Top of Records provided

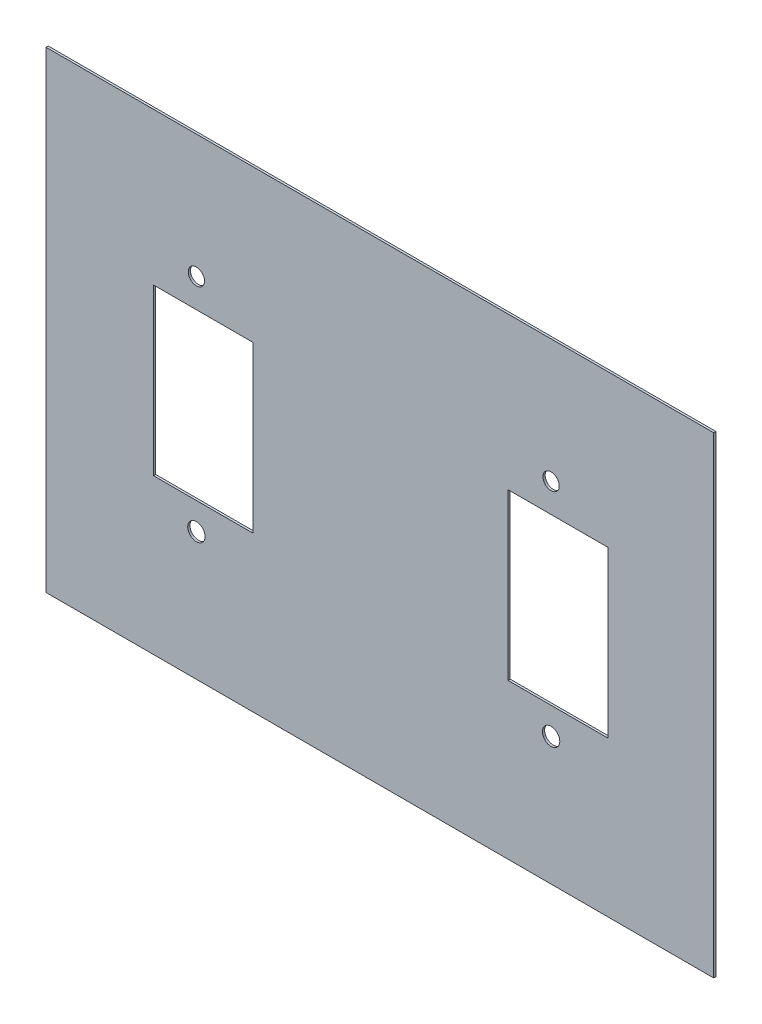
ISO-10303-21;
HEADER;
FILE_DESCRIPTION(('STEP AP214'),'2;1');
FILE_NAME('part.step','',(''),(''),'','','');
FILE_SCHEMA(('AUTOMOTIVE_DESIGN { 1 0 10303 214 1 1 1 1 }'));
ENDSEC;
DATA;
#1=APPLICATION_CONTEXT('core data for automotive mechanical design processes');
#2=APPLICATION_PROTOCOL_DEFINITION('international standard','automotive_design',2000,#1);
#3=PRODUCT_CONTEXT('',#1,'mechanical');
#4=PRODUCT('Part','Part','',(#3));
#5=PRODUCT_RELATED_PRODUCT_CATEGORY('part','',(#4));
#6=PRODUCT_DEFINITION_FORMATION('','',#4);
#7=PRODUCT_DEFINITION_CONTEXT('part definition',#1,'design');
#8=PRODUCT_DEFINITION('design','',#6,#7);
#9=PRODUCT_DEFINITION_SHAPE('','',#8);
#10=(LENGTH_UNIT() NAMED_UNIT(*) SI_UNIT(.MILLI.,.METRE.));
#11=(NAMED_UNIT(*) PLANE_ANGLE_UNIT() SI_UNIT($,.RADIAN.));
#12=(NAMED_UNIT(*) SI_UNIT($,.STERADIAN.) SOLID_ANGLE_UNIT());
#13=UNCERTAINTY_MEASURE_WITH_UNIT(LENGTH_MEASURE(1.E-05),#10,'distance_accuracy_value','');
#14=(GEOMETRIC_REPRESENTATION_CONTEXT(3) GLOBAL_UNCERTAINTY_ASSIGNED_CONTEXT((#13)) GLOBAL_UNIT_ASSIGNED_CONTEXT((#10,
#11,#12)) REPRESENTATION_CONTEXT('',''));
#15=CARTESIAN_POINT('',(0.,0.,0.));
#16=DIRECTION('',(0.,0.,1.));
#17=DIRECTION('',(1.,0.,0.));
#18=AXIS2_PLACEMENT_3D('',#15,#16,#17);
#19=CARTESIAN_POINT('',(-292.934613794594,286.400756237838,2.54));
#20=DIRECTION('',(1.,0.,0.));
#21=DIRECTION('',(0.,0.,-1.));
#22=AXIS2_PLACEMENT_3D('',#19,#20,#21);
#23=PLANE('',#22);
#24=DIRECTION('',(0.,-1.,0.));
#25=VECTOR('',#24,1.);
#26=CARTESIAN_POINT('',(-292.934613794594,286.400756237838,0.));
#27=LINE('',#26,#25);
#28=CARTESIAN_POINT('',(-292.934613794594,286.400756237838,0.));
#29=VERTEX_POINT('',#28);
#30=CARTESIAN_POINT('',(-292.934613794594,-254.618343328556,0.));
#31=VERTEX_POINT('',#30);
#32=EDGE_CURVE('E144',#29,#31,#27,.T.);
#33=ORIENTED_EDGE('',*,*,#32,.T.);
#34=DIRECTION('',(0.,0.,-1.));
#35=VECTOR('',#34,1.);
#36=CARTESIAN_POINT('',(-292.934613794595,-254.618343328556,1662.15136427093));
#37=LINE('',#36,#35);
#38=CARTESIAN_POINT('',(-292.934613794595,-254.618343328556,2.53999999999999));
#39=VERTEX_POINT('',#38);
#40=EDGE_CURVE('E44',#39,#31,#37,.T.);
#41=ORIENTED_EDGE('',*,*,#40,.F.);
#42=DIRECTION('',(0.,-1.,0.));
#43=VECTOR('',#42,1.);
#44=CARTESIAN_POINT('',(-292.934613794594,286.400756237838,2.54));
#45=LINE('',#44,#43);
#46=CARTESIAN_POINT('',(-292.934613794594,286.400756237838,2.54));
#47=VERTEX_POINT('',#46);
#48=EDGE_CURVE('E130',#47,#39,#45,.T.);
#49=ORIENTED_EDGE('',*,*,#48,.F.);
#50=DIRECTION('',(0.,0.,-1.));
#51=VECTOR('',#50,1.);
#52=CARTESIAN_POINT('',(-292.934613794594,286.400756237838,2.54));
#53=LINE('',#52,#51);
#54=EDGE_CURVE('E138',#47,#29,#53,.T.);
#55=ORIENTED_EDGE('',*,*,#54,.T.);
#56=EDGE_LOOP('',(#33,#41,#49,#55));
#57=FACE_BOUND('',#56,.T.);
#58=ADVANCED_FACE('F30',(#57),#23,.F.);
#59=CARTESIAN_POINT('',(472.05362042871,286.400756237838,2.54));
#60=DIRECTION('',(-1.,0.,0.));
#61=DIRECTION('',(0.,-1.,0.));
#62=AXIS2_PLACEMENT_3D('',#59,#60,#61);
#63=PLANE('',#62);
#64=DIRECTION('',(0.,1.,0.));
#65=VECTOR('',#64,1.);
#66=CARTESIAN_POINT('',(472.05362042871,286.400756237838,2.54));
#67=LINE('',#66,#65);
#68=CARTESIAN_POINT('',(472.05362042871,-254.618343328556,2.53999999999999));
#69=VERTEX_POINT('',#68);
#70=CARTESIAN_POINT('',(472.05362042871,286.400756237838,2.54));
#71=VERTEX_POINT('',#70);
#72=EDGE_CURVE('E127',#69,#71,#67,.T.);
#73=ORIENTED_EDGE('',*,*,#72,.F.);
#74=DIRECTION('',(0.,0.,-1.));
#75=VECTOR('',#74,1.);
#76=CARTESIAN_POINT('',(472.05362042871,-254.618343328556,1662.15136427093));
#77=LINE('',#76,#75);
#78=CARTESIAN_POINT('',(472.05362042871,-254.618343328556,0.));
#79=VERTEX_POINT('',#78);
#80=EDGE_CURVE('E115',#69,#79,#77,.T.);
#81=ORIENTED_EDGE('',*,*,#80,.T.);
#82=DIRECTION('',(0.,1.,0.));
#83=VECTOR('',#82,1.);
#84=CARTESIAN_POINT('',(472.05362042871,286.400756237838,0.));
#85=LINE('',#84,#83);
#86=CARTESIAN_POINT('',(472.05362042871,286.400756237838,0.));
#87=VERTEX_POINT('',#86);
#88=EDGE_CURVE('E147',#79,#87,#85,.T.);
#89=ORIENTED_EDGE('',*,*,#88,.T.);
#90=DIRECTION('',(0.,0.,-1.));
#91=VECTOR('',#90,1.);
#92=CARTESIAN_POINT('',(472.05362042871,286.400756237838,2.54));
#93=LINE('',#92,#91);
#94=EDGE_CURVE('E37',#71,#87,#93,.T.);
#95=ORIENTED_EDGE('',*,*,#94,.F.);
#96=EDGE_LOOP('',(#73,#81,#89,#95));
#97=FACE_BOUND('',#96,.T.);
#98=ADVANCED_FACE('F133',(#97),#63,.F.);
#99=CARTESIAN_POINT('',(-292.934613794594,286.400756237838,2.54));
#100=DIRECTION('',(0.,-1.,0.));
#101=DIRECTION('',(0.,0.,-1.));
#102=AXIS2_PLACEMENT_3D('',#99,#100,#101);
#103=PLANE('',#102);
#104=DIRECTION('',(-1.,0.,0.));
#105=VECTOR('',#104,1.);
#106=CARTESIAN_POINT('',(-292.934613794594,286.400756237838,0.));
#107=LINE('',#106,#105);
#108=EDGE_CURVE('E140',#87,#29,#107,.T.);
#109=ORIENTED_EDGE('',*,*,#108,.T.);
#110=ORIENTED_EDGE('',*,*,#54,.F.);
#111=DIRECTION('',(-1.,0.,0.));
#112=VECTOR('',#111,1.);
#113=CARTESIAN_POINT('',(-292.934613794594,286.400756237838,2.54));
#114=LINE('',#113,#112);
#115=EDGE_CURVE('E136',#71,#47,#114,.T.);
#116=ORIENTED_EDGE('',*,*,#115,.F.);
#117=ORIENTED_EDGE('',*,*,#94,.T.);
#118=EDGE_LOOP('',(#109,#110,#116,#117));
#119=FACE_BOUND('',#118,.T.);
#120=ADVANCED_FACE('F154',(#119),#103,.F.);
#121=CARTESIAN_POINT('',(-292.934613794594,-795.63744289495,2.54));
#122=DIRECTION('',(0.,0.,1.));
#123=DIRECTION('',(1.,0.,0.));
#124=AXIS2_PLACEMENT_3D('',#121,#122,#123);
#125=PLANE('',#124);
#126=DIRECTION('',(-1.,0.,0.));
#127=VECTOR('',#126,1.);
#128=CARTESIAN_POINT('',(-292.934613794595,-254.618343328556,2.54));
#129=LINE('',#128,#127);
#130=EDGE_CURVE('E118',#69,#39,#129,.T.);
#131=ORIENTED_EDGE('',*,*,#130,.F.);
#132=ORIENTED_EDGE('',*,*,#72,.T.);
#133=ORIENTED_EDGE('',*,*,#115,.T.);
#134=ORIENTED_EDGE('',*,*,#48,.T.);
#135=EDGE_LOOP('',(#131,#132,#133,#134));
#136=FACE_BOUND('',#135,.T.);
#137=CARTESIAN_POINT('',(285.716630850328,-108.095305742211,2.54));
#138=DIRECTION('',(0.,0.,1.));
#139=DIRECTION('',(1.,0.,0.));
#140=AXIS2_PLACEMENT_3D('',#137,#138,#139);
#141=CIRCLE('',#140,9.95883906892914);
#142=CARTESIAN_POINT('',(295.675469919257,-108.095305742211,2.54));
#143=VERTEX_POINT('',#142);
#144=EDGE_CURVE('E131',#143,#143,#141,.T.);
#145=ORIENTED_EDGE('',*,*,#144,.F.);
#146=EDGE_LOOP('',(#145));
#147=FACE_BOUND('',#146,.T.);
#148=CARTESIAN_POINT('',(285.716630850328,145.099046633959,2.54));
#149=DIRECTION('',(0.,0.,1.));
#150=DIRECTION('',(1.,0.,0.));
#151=AXIS2_PLACEMENT_3D('',#148,#149,#150);
#152=CIRCLE('',#151,9.33473781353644);
#153=CARTESIAN_POINT('',(295.051368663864,145.099046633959,2.54));
#154=VERTEX_POINT('',#153);
#155=EDGE_CURVE('E165',#154,#154,#152,.T.);
#156=ORIENTED_EDGE('',*,*,#155,.F.);
#157=EDGE_LOOP('',(#156));
#158=FACE_BOUND('',#157,.T.);
#159=DIRECTION('',(0.,-1.,0.));
#160=VECTOR('',#159,1.);
#161=CARTESIAN_POINT('',(236.32626016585,112.096614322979,2.54));
#162=LINE('',#161,#160);
#163=CARTESIAN_POINT('',(236.32626016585,112.096614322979,2.54));
#164=VERTEX_POINT('',#163);
#165=CARTESIAN_POINT('',(236.32626016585,-77.1861627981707,2.54));
#166=VERTEX_POINT('',#165);
#167=EDGE_CURVE('E51',#164,#166,#162,.T.);
#168=ORIENTED_EDGE('',*,*,#167,.F.);
#169=DIRECTION('',(-1.,0.,0.));
#170=VECTOR('',#169,1.);
#171=CARTESIAN_POINT('',(236.32626016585,112.096614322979,2.54));
#172=LINE('',#171,#170);
#173=CARTESIAN_POINT('',(350.752480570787,112.096614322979,2.54));
#174=VERTEX_POINT('',#173);
#175=EDGE_CURVE('E177',#174,#164,#172,.T.);
#176=ORIENTED_EDGE('',*,*,#175,.F.);
#177=DIRECTION('',(0.,1.,0.));
#178=VECTOR('',#177,1.);
#179=CARTESIAN_POINT('',(350.752480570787,112.096614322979,2.54));
#180=LINE('',#179,#178);
#181=CARTESIAN_POINT('',(350.752480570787,-77.1861627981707,2.54));
#182=VERTEX_POINT('',#181);
#183=EDGE_CURVE('E191',#182,#174,#180,.T.);
#184=ORIENTED_EDGE('',*,*,#183,.F.);
#185=DIRECTION('',(1.,0.,0.));
#186=VECTOR('',#185,1.);
#187=CARTESIAN_POINT('',(236.32626016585,-77.1861627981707,2.54));
#188=LINE('',#187,#186);
#189=EDGE_CURVE('E188',#166,#182,#188,.T.);
#190=ORIENTED_EDGE('',*,*,#189,.F.);
#191=EDGE_LOOP('',(#168,#176,#184,#190));
#192=FACE_BOUND('',#191,.T.);
#193=CARTESIAN_POINT('',(-120.683369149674,-108.095305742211,2.54));
#194=DIRECTION('',(0.,0.,1.));
#195=DIRECTION('',(1.,0.,0.));
#196=AXIS2_PLACEMENT_3D('',#193,#194,#195);
#197=CIRCLE('',#196,9.95883906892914);
#198=CARTESIAN_POINT('',(-110.724530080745,-108.095305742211,2.54));
#199=VERTEX_POINT('',#198);
#200=EDGE_CURVE('E198',#199,#199,#197,.T.);
#201=ORIENTED_EDGE('',*,*,#200,.F.);
#202=EDGE_LOOP('',(#201));
#203=FACE_BOUND('',#202,.T.);
#204=CARTESIAN_POINT('',(-120.683369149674,145.099046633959,2.54));
#205=DIRECTION('',(0.,0.,1.));
#206=DIRECTION('',(1.,0.,0.));
#207=AXIS2_PLACEMENT_3D('',#204,#205,#206);
#208=CIRCLE('',#207,9.33473781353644);
#209=CARTESIAN_POINT('',(-111.348631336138,145.099046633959,2.54));
#210=VERTEX_POINT('',#209);
#211=EDGE_CURVE('E207',#210,#210,#208,.T.);
#212=ORIENTED_EDGE('',*,*,#211,.F.);
#213=EDGE_LOOP('',(#212));
#214=FACE_BOUND('',#213,.T.);
#215=DIRECTION('',(0.,-1.,0.));
#216=VECTOR('',#215,1.);
#217=CARTESIAN_POINT('',(-170.073739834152,112.096614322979,2.54));
#218=LINE('',#217,#216);
#219=CARTESIAN_POINT('',(-170.073739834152,112.096614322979,2.54));
#220=VERTEX_POINT('',#219);
#221=CARTESIAN_POINT('',(-170.073739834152,-77.1861627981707,2.54));
#222=VERTEX_POINT('',#221);
#223=EDGE_CURVE('E213',#220,#222,#218,.T.);
#224=ORIENTED_EDGE('',*,*,#223,.F.);
#225=DIRECTION('',(-1.,0.,0.));
#226=VECTOR('',#225,1.);
#227=CARTESIAN_POINT('',(-170.073739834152,112.096614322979,2.54));
#228=LINE('',#227,#226);
#229=CARTESIAN_POINT('',(-55.6475194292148,112.096614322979,2.54));
#230=VERTEX_POINT('',#229);
#231=EDGE_CURVE('E220',#230,#220,#228,.T.);
#232=ORIENTED_EDGE('',*,*,#231,.F.);
#233=DIRECTION('',(0.,1.,0.));
#234=VECTOR('',#233,1.);
#235=CARTESIAN_POINT('',(-55.6475194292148,112.096614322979,2.54));
#236=LINE('',#235,#234);
#237=CARTESIAN_POINT('',(-55.6475194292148,-77.1861627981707,2.54));
#238=VERTEX_POINT('',#237);
#239=EDGE_CURVE('E234',#238,#230,#236,.T.);
#240=ORIENTED_EDGE('',*,*,#239,.F.);
#241=DIRECTION('',(1.,0.,0.));
#242=VECTOR('',#241,1.);
#243=CARTESIAN_POINT('',(-170.073739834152,-77.1861627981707,2.54));
#244=LINE('',#243,#242);
#245=EDGE_CURVE('E231',#222,#238,#244,.T.);
#246=ORIENTED_EDGE('',*,*,#245,.F.);
#247=EDGE_LOOP('',(#224,#232,#240,#246));
#248=FACE_BOUND('',#247,.T.);
#249=ADVANCED_FACE('F125',(#136,#147,#158,#192,#203,#214,#248),#125,.T.);
#250=CARTESIAN_POINT('',(-292.934613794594,-795.63744289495,0.));
#251=DIRECTION('',(0.,0.,1.));
#252=DIRECTION('',(1.,0.,0.));
#253=AXIS2_PLACEMENT_3D('',#250,#251,#252);
#254=PLANE('',#253);
#255=CARTESIAN_POINT('',(285.716630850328,-108.095305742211,0.));
#256=DIRECTION('',(0.,0.,1.));
#257=DIRECTION('',(1.,0.,0.));
#258=AXIS2_PLACEMENT_3D('',#255,#256,#257);
#259=CIRCLE('',#258,9.95883906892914);
#260=CARTESIAN_POINT('',(295.675469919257,-108.095305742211,0.));
#261=VERTEX_POINT('',#260);
#262=EDGE_CURVE('E162',#261,#261,#259,.T.);
#263=ORIENTED_EDGE('',*,*,#262,.T.);
#264=EDGE_LOOP('',(#263));
#265=FACE_BOUND('',#264,.T.);
#266=CARTESIAN_POINT('',(285.716630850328,145.099046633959,0.));
#267=DIRECTION('',(0.,0.,1.));
#268=DIRECTION('',(1.,0.,0.));
#269=AXIS2_PLACEMENT_3D('',#266,#267,#268);
#270=CIRCLE('',#269,9.33473781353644);
#271=CARTESIAN_POINT('',(295.051368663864,145.099046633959,0.));
#272=VERTEX_POINT('',#271);
#273=EDGE_CURVE('E168',#272,#272,#270,.T.);
#274=ORIENTED_EDGE('',*,*,#273,.T.);
#275=EDGE_LOOP('',(#274));
#276=FACE_BOUND('',#275,.T.);
#277=DIRECTION('',(-1.,0.,0.));
#278=VECTOR('',#277,1.);
#279=CARTESIAN_POINT('',(236.32626016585,112.096614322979,0.));
#280=LINE('',#279,#278);
#281=CARTESIAN_POINT('',(350.752480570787,112.096614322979,0.));
#282=VERTEX_POINT('',#281);
#283=CARTESIAN_POINT('',(236.32626016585,112.096614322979,0.));
#284=VERTEX_POINT('',#283);
#285=EDGE_CURVE('E183',#282,#284,#280,.T.);
#286=ORIENTED_EDGE('',*,*,#285,.T.);
#287=DIRECTION('',(0.,-1.,0.));
#288=VECTOR('',#287,1.);
#289=CARTESIAN_POINT('',(236.32626016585,112.096614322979,0.));
#290=LINE('',#289,#288);
#291=CARTESIAN_POINT('',(236.32626016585,-77.1861627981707,0.));
#292=VERTEX_POINT('',#291);
#293=EDGE_CURVE('E173',#284,#292,#290,.T.);
#294=ORIENTED_EDGE('',*,*,#293,.T.);
#295=DIRECTION('',(1.,0.,0.));
#296=VECTOR('',#295,1.);
#297=CARTESIAN_POINT('',(236.32626016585,-77.1861627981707,0.));
#298=LINE('',#297,#296);
#299=CARTESIAN_POINT('',(350.752480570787,-77.1861627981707,0.));
#300=VERTEX_POINT('',#299);
#301=EDGE_CURVE('E176',#292,#300,#298,.T.);
#302=ORIENTED_EDGE('',*,*,#301,.T.);
#303=DIRECTION('',(0.,1.,0.));
#304=VECTOR('',#303,1.);
#305=CARTESIAN_POINT('',(350.752480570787,112.096614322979,0.));
#306=LINE('',#305,#304);
#307=EDGE_CURVE('E180',#300,#282,#306,.T.);
#308=ORIENTED_EDGE('',*,*,#307,.T.);
#309=EDGE_LOOP('',(#286,#294,#302,#308));
#310=FACE_BOUND('',#309,.T.);
#311=CARTESIAN_POINT('',(-120.683369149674,-108.095305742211,0.));
#312=DIRECTION('',(0.,0.,1.));
#313=DIRECTION('',(1.,0.,0.));
#314=AXIS2_PLACEMENT_3D('',#311,#312,#313);
#315=CIRCLE('',#314,9.95883906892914);
#316=CARTESIAN_POINT('',(-110.724530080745,-108.095305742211,0.));
#317=VERTEX_POINT('',#316);
#318=EDGE_CURVE('E204',#317,#317,#315,.T.);
#319=ORIENTED_EDGE('',*,*,#318,.T.);
#320=EDGE_LOOP('',(#319));
#321=FACE_BOUND('',#320,.T.);
#322=CARTESIAN_POINT('',(-120.683369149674,145.099046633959,0.));
#323=DIRECTION('',(0.,0.,1.));
#324=DIRECTION('',(1.,0.,0.));
#325=AXIS2_PLACEMENT_3D('',#322,#323,#324);
#326=CIRCLE('',#325,9.33473781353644);
#327=CARTESIAN_POINT('',(-111.348631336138,145.099046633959,0.));
#328=VERTEX_POINT('',#327);
#329=EDGE_CURVE('E210',#328,#328,#326,.T.);
#330=ORIENTED_EDGE('',*,*,#329,.T.);
#331=EDGE_LOOP('',(#330));
#332=FACE_BOUND('',#331,.T.);
#333=DIRECTION('',(-1.,0.,0.));
#334=VECTOR('',#333,1.);
#335=CARTESIAN_POINT('',(-170.073739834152,112.096614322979,0.));
#336=LINE('',#335,#334);
#337=CARTESIAN_POINT('',(-55.6475194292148,112.096614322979,0.));
#338=VERTEX_POINT('',#337);
#339=CARTESIAN_POINT('',(-170.073739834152,112.096614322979,0.));
#340=VERTEX_POINT('',#339);
#341=EDGE_CURVE('E226',#338,#340,#336,.T.);
#342=ORIENTED_EDGE('',*,*,#341,.T.);
#343=DIRECTION('',(0.,-1.,0.));
#344=VECTOR('',#343,1.);
#345=CARTESIAN_POINT('',(-170.073739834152,112.096614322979,0.));
#346=LINE('',#345,#344);
#347=CARTESIAN_POINT('',(-170.073739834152,-77.1861627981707,0.));
#348=VERTEX_POINT('',#347);
#349=EDGE_CURVE('E216',#340,#348,#346,.T.);
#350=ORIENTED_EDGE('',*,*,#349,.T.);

Bottom of Records provided

• **Exercise**
Going back over the entries above, copy word for word every line from the one that has "#190=ORIENTED_EDGE('',*,*,#189,.F.);" on through the one that has "#199=VERTEX_POINT('',#198);".

• **Exercise output**
#190=ORIENTED_EDGE('',*,*,#189,.F.);
#191=EDGE_LOOP('',(#168,#176,#184,#190));
#192=FACE_BOUND('',#191,.T.);
#193=CARTESIAN_POINT('',(-120.683369149674,-108.095305742211,2.54));
#194=DIRECTION('',(0.,0.,1.));
#195=DIRECTION('',(1.,0.,0.));
#196=AXIS2_PLACEMENT_3D('',#193,#194,#195);
#197=CIRCLE('',#196,9.95883906892914);
#198=CARTESIAN_POINT('',(-110.724530080745,-108.095305742211,2.54));
#199=VERTEX_POINT('',#198);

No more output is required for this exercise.